* **Task material**
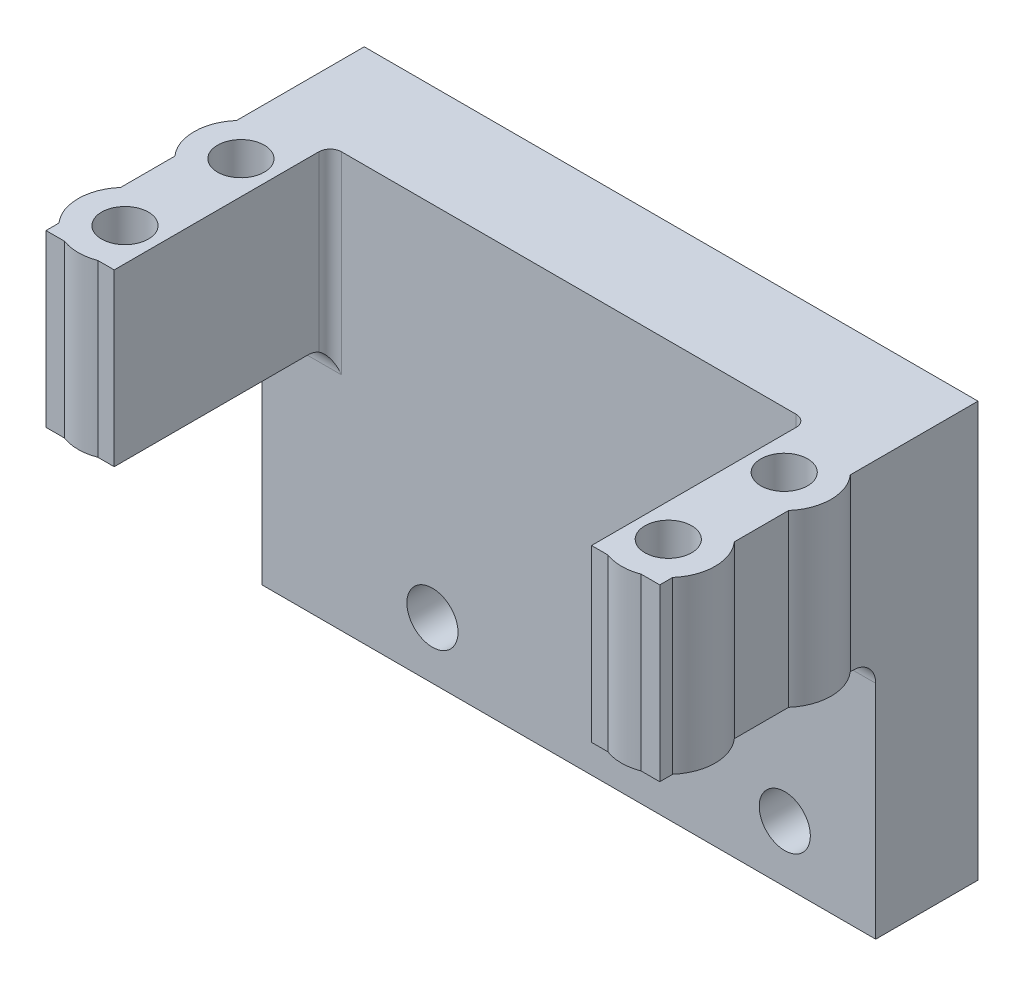
ISO-10303-21;
HEADER;
FILE_DESCRIPTION(('STEP AP214'),'2;1');
FILE_NAME('part.step','',(''),(''),'','','');
FILE_SCHEMA(('AUTOMOTIVE_DESIGN { 1 0 10303 214 1 1 1 1 }'));
ENDSEC;
DATA;
#1=APPLICATION_CONTEXT('core data for automotive mechanical design processes');
#2=APPLICATION_PROTOCOL_DEFINITION('international standard','automotive_design',2000,#1);
#3=PRODUCT_CONTEXT('',#1,'mechanical');
#4=PRODUCT('Part','Part','',(#3));
#5=PRODUCT_RELATED_PRODUCT_CATEGORY('part','',(#4));
#6=PRODUCT_DEFINITION_FORMATION('','',#4);
#7=PRODUCT_DEFINITION_CONTEXT('part definition',#1,'design');
#8=PRODUCT_DEFINITION('design','',#6,#7);
#9=PRODUCT_DEFINITION_SHAPE('','',#8);
#10=(LENGTH_UNIT() NAMED_UNIT(*) SI_UNIT(.MILLI.,.METRE.));
#11=(NAMED_UNIT(*) PLANE_ANGLE_UNIT() SI_UNIT($,.RADIAN.));
#12=(NAMED_UNIT(*) SI_UNIT($,.STERADIAN.) SOLID_ANGLE_UNIT());
#13=UNCERTAINTY_MEASURE_WITH_UNIT(LENGTH_MEASURE(1.E-05),#10,'distance_accuracy_value','');
#14=(GEOMETRIC_REPRESENTATION_CONTEXT(3) GLOBAL_UNCERTAINTY_ASSIGNED_CONTEXT((#13)) GLOBAL_UNIT_ASSIGNED_CONTEXT((#10,
#11,#12)) REPRESENTATION_CONTEXT('',''));
#15=CARTESIAN_POINT('',(0.,0.,0.));
#16=DIRECTION('',(0.,0.,1.));
#17=DIRECTION('',(1.,0.,0.));
#18=AXIS2_PLACEMENT_3D('',#15,#16,#17);
#19=CARTESIAN_POINT('',(-27.,13.25,9.));
#20=DIRECTION('',(1.,0.,0.));
#21=DIRECTION('',(0.,1.,0.));
#22=AXIS2_PLACEMENT_3D('',#19,#20,#21);
#23=PLANE('',#22);
#24=DIRECTION('',(0.,1.,0.));
#25=VECTOR('',#24,1.);
#26=CARTESIAN_POINT('',(-27.,-1.75000000000001,11.2357121559704));
#27=LINE('',#26,#25);
#28=CARTESIAN_POINT('',(-27.,13.25,11.2357121559704));
#29=VERTEX_POINT('',#28);
#30=CARTESIAN_POINT('',(-27.,-1.75000000000001,11.2357121559704));
#31=VERTEX_POINT('',#30);
#32=EDGE_CURVE('E227',#29,#31,#27,.F.);
#33=ORIENTED_EDGE('',*,*,#32,.F.);
#34=DIRECTION('',(0.,0.,-1.));
#35=VECTOR('',#34,1.);
#36=CARTESIAN_POINT('',(-27.,13.25,9.));
#37=LINE('',#36,#35);
#38=CARTESIAN_POINT('',(-27.,13.25,0.));
#39=VERTEX_POINT('',#38);
#40=EDGE_CURVE('E217',#29,#39,#37,.T.);
#41=ORIENTED_EDGE('',*,*,#40,.T.);
#42=DIRECTION('',(0.,-1.,0.));
#43=VECTOR('',#42,1.);
#44=CARTESIAN_POINT('',(-27.,13.25,0.));
#45=LINE('',#44,#43);
#46=CARTESIAN_POINT('',(-27.,-23.25,0.));
#47=VERTEX_POINT('',#46);
#48=EDGE_CURVE('E352',#39,#47,#45,.T.);
#49=ORIENTED_EDGE('',*,*,#48,.T.);
#50=DIRECTION('',(0.,0.,1.));
#51=VECTOR('',#50,1.);
#52=CARTESIAN_POINT('',(-27.,-23.25,0.));
#53=LINE('',#52,#51);
#54=CARTESIAN_POINT('',(-27.,-23.25,9.));
#55=VERTEX_POINT('',#54);
#56=EDGE_CURVE('E291',#47,#55,#53,.T.);
#57=ORIENTED_EDGE('',*,*,#56,.T.);
#58=DIRECTION('',(0.,-1.,0.));
#59=VECTOR('',#58,1.);
#60=CARTESIAN_POINT('',(-27.,13.25,9.));
#61=LINE('',#60,#59);
#62=CARTESIAN_POINT('',(-27.,-3.75000000000001,9.));
#63=VERTEX_POINT('',#62);
#64=EDGE_CURVE('E353',#63,#55,#61,.T.);
#65=ORIENTED_EDGE('',*,*,#64,.F.);
#66=CARTESIAN_POINT('',(-27.,-3.75000000000001,11.));
#67=DIRECTION('',(1.,0.,0.));
#68=DIRECTION('',(0.,1.,0.));
#69=AXIS2_PLACEMENT_3D('',#66,#67,#68);
#70=CIRCLE('',#69,2.);
#71=CARTESIAN_POINT('',(-27.,-1.75000000000001,11.));
#72=VERTEX_POINT('',#71);
#73=EDGE_CURVE('E405',#63,#72,#70,.T.);
#74=ORIENTED_EDGE('',*,*,#73,.T.);
#75=DIRECTION('',(0.,0.,-1.));
#76=VECTOR('',#75,1.);
#77=CARTESIAN_POINT('',(-27.,-1.75000000000001,28.));
#78=LINE('',#77,#76);
#79=EDGE_CURVE('E276',#31,#72,#78,.T.);
#80=ORIENTED_EDGE('',*,*,#79,.F.);
#81=EDGE_LOOP('',(#33,#41,#49,#57,#65,#74,#80));
#82=FACE_BOUND('',#81,.T.);
#83=ADVANCED_FACE('F32',(#82),#23,.F.);
#84=DIRECTION('',(0.,1.,0.));
#85=VECTOR('',#84,1.);
#86=CARTESIAN_POINT('',(-27.,-1.75000000000001,16.6631977616629));
#87=LINE('',#86,#85);
#88=CARTESIAN_POINT('',(-27.,-1.75000000000001,16.6631977616629));
#89=VERTEX_POINT('',#88);
#90=CARTESIAN_POINT('',(-27.,13.25,16.6631977616629));
#91=VERTEX_POINT('',#90);
#92=EDGE_CURVE('E209',#89,#91,#87,.T.);
#93=ORIENTED_EDGE('',*,*,#92,.F.);
#94=CARTESIAN_POINT('',(-27.,-1.75000000000001,21.4357121559704));
#95=VERTEX_POINT('',#94);
#96=EDGE_CURVE('E281',#95,#89,#78,.T.);
#97=ORIENTED_EDGE('',*,*,#96,.F.);
#98=DIRECTION('',(0.,1.,0.));
#99=VECTOR('',#98,1.);
#100=CARTESIAN_POINT('',(-27.,-1.75000000000001,21.4357121559704));
#101=LINE('',#100,#99);
#102=CARTESIAN_POINT('',(-27.,13.25,21.4357121559704));
#103=VERTEX_POINT('',#102);
#104=EDGE_CURVE('E212',#103,#95,#101,.F.);
#105=ORIENTED_EDGE('',*,*,#104,.F.);
#106=EDGE_CURVE('E206',#103,#91,#37,.T.);
#107=ORIENTED_EDGE('',*,*,#106,.T.);
#108=EDGE_LOOP('',(#93,#97,#105,#107));
#109=FACE_BOUND('',#108,.T.);
#110=ADVANCED_FACE('F208',(#109),#23,.F.);
#111=DIRECTION('',(0.,1.,0.));
#112=VECTOR('',#111,1.);
#113=CARTESIAN_POINT('',(-27.,-1.75000000000001,26.8631977616629));
#114=LINE('',#113,#112);
#115=CARTESIAN_POINT('',(-27.,-1.75000000000001,26.8631977616629));
#116=VERTEX_POINT('',#115);
#117=CARTESIAN_POINT('',(-27.,13.25,26.8631977616629));
#118=VERTEX_POINT('',#117);
#119=EDGE_CURVE('E245',#116,#118,#114,.T.);
#120=ORIENTED_EDGE('',*,*,#119,.F.);
#121=CARTESIAN_POINT('',(-27.,-1.75000000000001,28.));
#122=VERTEX_POINT('',#121);
#123=EDGE_CURVE('E277',#122,#116,#78,.T.);
#124=ORIENTED_EDGE('',*,*,#123,.F.);
#125=DIRECTION('',(0.,1.,0.));
#126=VECTOR('',#125,1.);
#127=CARTESIAN_POINT('',(-27.,13.25,28.));
#128=LINE('',#127,#126);
#129=CARTESIAN_POINT('',(-27.,13.25,28.));
#130=VERTEX_POINT('',#129);
#131=EDGE_CURVE('E256',#122,#130,#128,.T.);
#132=ORIENTED_EDGE('',*,*,#131,.T.);
#133=EDGE_CURVE('E216',#130,#118,#37,.T.);
#134=ORIENTED_EDGE('',*,*,#133,.T.);
#135=EDGE_LOOP('',(#120,#124,#132,#134));
#136=FACE_BOUND('',#135,.T.);
#137=ADVANCED_FACE('F484',(#136),#23,.F.);
#138=CARTESIAN_POINT('',(0.,0.,28.));
#139=DIRECTION('',(0.,0.,-1.));
#140=DIRECTION('',(1.,0.,0.));
#141=AXIS2_PLACEMENT_3D('',#138,#139,#140);
#142=PLANE('',#141);
#143=DIRECTION('',(0.,1.,0.));
#144=VECTOR('',#143,1.);
#145=CARTESIAN_POINT('',(-25.3655043110883,-1.75000000000001,28.));
#146=LINE('',#145,#144);
#147=CARTESIAN_POINT('',(-25.3655043110883,13.25,28.));
#148=VERTEX_POINT('',#147);
#149=CARTESIAN_POINT('',(-25.3655043110883,-1.75000000000001,28.));
#150=VERTEX_POINT('',#149);
#151=EDGE_CURVE('E392',#148,#150,#146,.F.);
#152=ORIENTED_EDGE('',*,*,#151,.F.);
#153=DIRECTION('',(1.,0.,0.));
#154=VECTOR('',#153,1.);
#155=CARTESIAN_POINT('',(-27.,13.25,28.));
#156=LINE('',#155,#154);
#157=EDGE_CURVE('E268',#130,#148,#156,.T.);
#158=ORIENTED_EDGE('',*,*,#157,.F.);
#159=ORIENTED_EDGE('',*,*,#131,.F.);
#160=DIRECTION('',(-1.,0.,0.));
#161=VECTOR('',#160,1.);
#162=CARTESIAN_POINT('',(-27.,-1.75000000000001,28.));
#163=LINE('',#162,#161);
#164=EDGE_CURVE('E259',#150,#122,#163,.T.);
#165=ORIENTED_EDGE('',*,*,#164,.F.);
#166=EDGE_LOOP('',(#152,#158,#159,#165));
#167=FACE_BOUND('',#166,.T.);
#168=ADVANCED_FACE('F480',(#167),#142,.F.);
#169=DIRECTION('',(0.,1.,0.));
#170=VECTOR('',#169,1.);
#171=CARTESIAN_POINT('',(-22.4344956889117,-1.75000000000001,28.));
#172=LINE('',#171,#170);
#173=CARTESIAN_POINT('',(-22.4344956889117,-1.75000000000001,28.));
#174=VERTEX_POINT('',#173);
#175=CARTESIAN_POINT('',(-22.4344956889117,13.25,28.));
#176=VERTEX_POINT('',#175);
#177=EDGE_CURVE('E381',#174,#176,#172,.T.);
#178=ORIENTED_EDGE('',*,*,#177,.F.);
#179=CARTESIAN_POINT('',(-21.,-1.75000000000001,28.));
#180=VERTEX_POINT('',#179);
#181=EDGE_CURVE('E261',#180,#174,#163,.T.);
#182=ORIENTED_EDGE('',*,*,#181,.F.);
#183=DIRECTION('',(0.,-1.,0.));
#184=VECTOR('',#183,1.);
#185=CARTESIAN_POINT('',(-21.,13.25,28.));
#186=LINE('',#185,#184);
#187=CARTESIAN_POINT('',(-21.,13.25,28.));
#188=VERTEX_POINT('',#187);
#189=EDGE_CURVE('E264',#188,#180,#186,.T.);
#190=ORIENTED_EDGE('',*,*,#189,.F.);
#191=EDGE_CURVE('E267',#176,#188,#156,.T.);
#192=ORIENTED_EDGE('',*,*,#191,.F.);
#193=EDGE_LOOP('',(#178,#182,#190,#192));
#194=FACE_BOUND('',#193,.T.);
#195=ADVANCED_FACE('F472',(#194),#142,.F.);
#196=CARTESIAN_POINT('',(27.,13.25,9.));
#197=DIRECTION('',(-1.,0.,0.));
#198=DIRECTION('',(0.,-1.,0.));
#199=AXIS2_PLACEMENT_3D('',#196,#197,#198);
#200=PLANE('',#199);
#201=DIRECTION('',(0.,0.,-1.));
#202=VECTOR('',#201,1.);
#203=CARTESIAN_POINT('',(27.,-1.75,28.));
#204=LINE('',#203,#202);
#205=CARTESIAN_POINT('',(27.,-1.75,21.4357121559704));
#206=VERTEX_POINT('',#205);
#207=CARTESIAN_POINT('',(27.,-1.75,16.6631977616629));
#208=VERTEX_POINT('',#207);
#209=EDGE_CURVE('E347',#206,#208,#204,.T.);
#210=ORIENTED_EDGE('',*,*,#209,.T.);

* **What is needed**
Could you repeat, exactly and with nothing added, the lines from the top of the entries above through the line that holds "#12=(NAMED_UNIT(*) SI_UNIT($,.STERADIAN.) SOLID_ANGLE_UNIT());", leaving out any pictures?

* **Reply to the task**
ISO-10303-21;
HEADER;
FILE_DESCRIPTION(('STEP AP214'),'2;1');
FILE_NAME('part.step','',(''),(''),'','','');
FILE_SCHEMA(('AUTOMOTIVE_DESIGN { 1 0 10303 214 1 1 1 1 }'));
ENDSEC;
DATA;
#1=APPLICATION_CONTEXT('core data for automotive mechanical design processes');
#2=APPLICATION_PROTOCOL_DEFINITION('international standard','automotive_design',2000,#1);
#3=PRODUCT_CONTEXT('',#1,'mechanical');
#4=PRODUCT('Part','Part','',(#3));
#5=PRODUCT_RELATED_PRODUCT_CATEGORY('part','',(#4));
#6=PRODUCT_DEFINITION_FORMATION('','',#4);
#7=PRODUCT_DEFINITION_CONTEXT('part definition',#1,'design');
#8=PRODUCT_DEFINITION('design','',#6,#7);
#9=PRODUCT_DEFINITION_SHAPE('','',#8);
#10=(LENGTH_UNIT() NAMED_UNIT(*) SI_UNIT(.MILLI.,.METRE.));
#11=(NAMED_UNIT(*) PLANE_ANGLE_UNIT() SI_UNIT($,.RADIAN.));
#12=(NAMED_UNIT(*) SI_UNIT($,.STERADIAN.) SOLID_ANGLE_UNIT());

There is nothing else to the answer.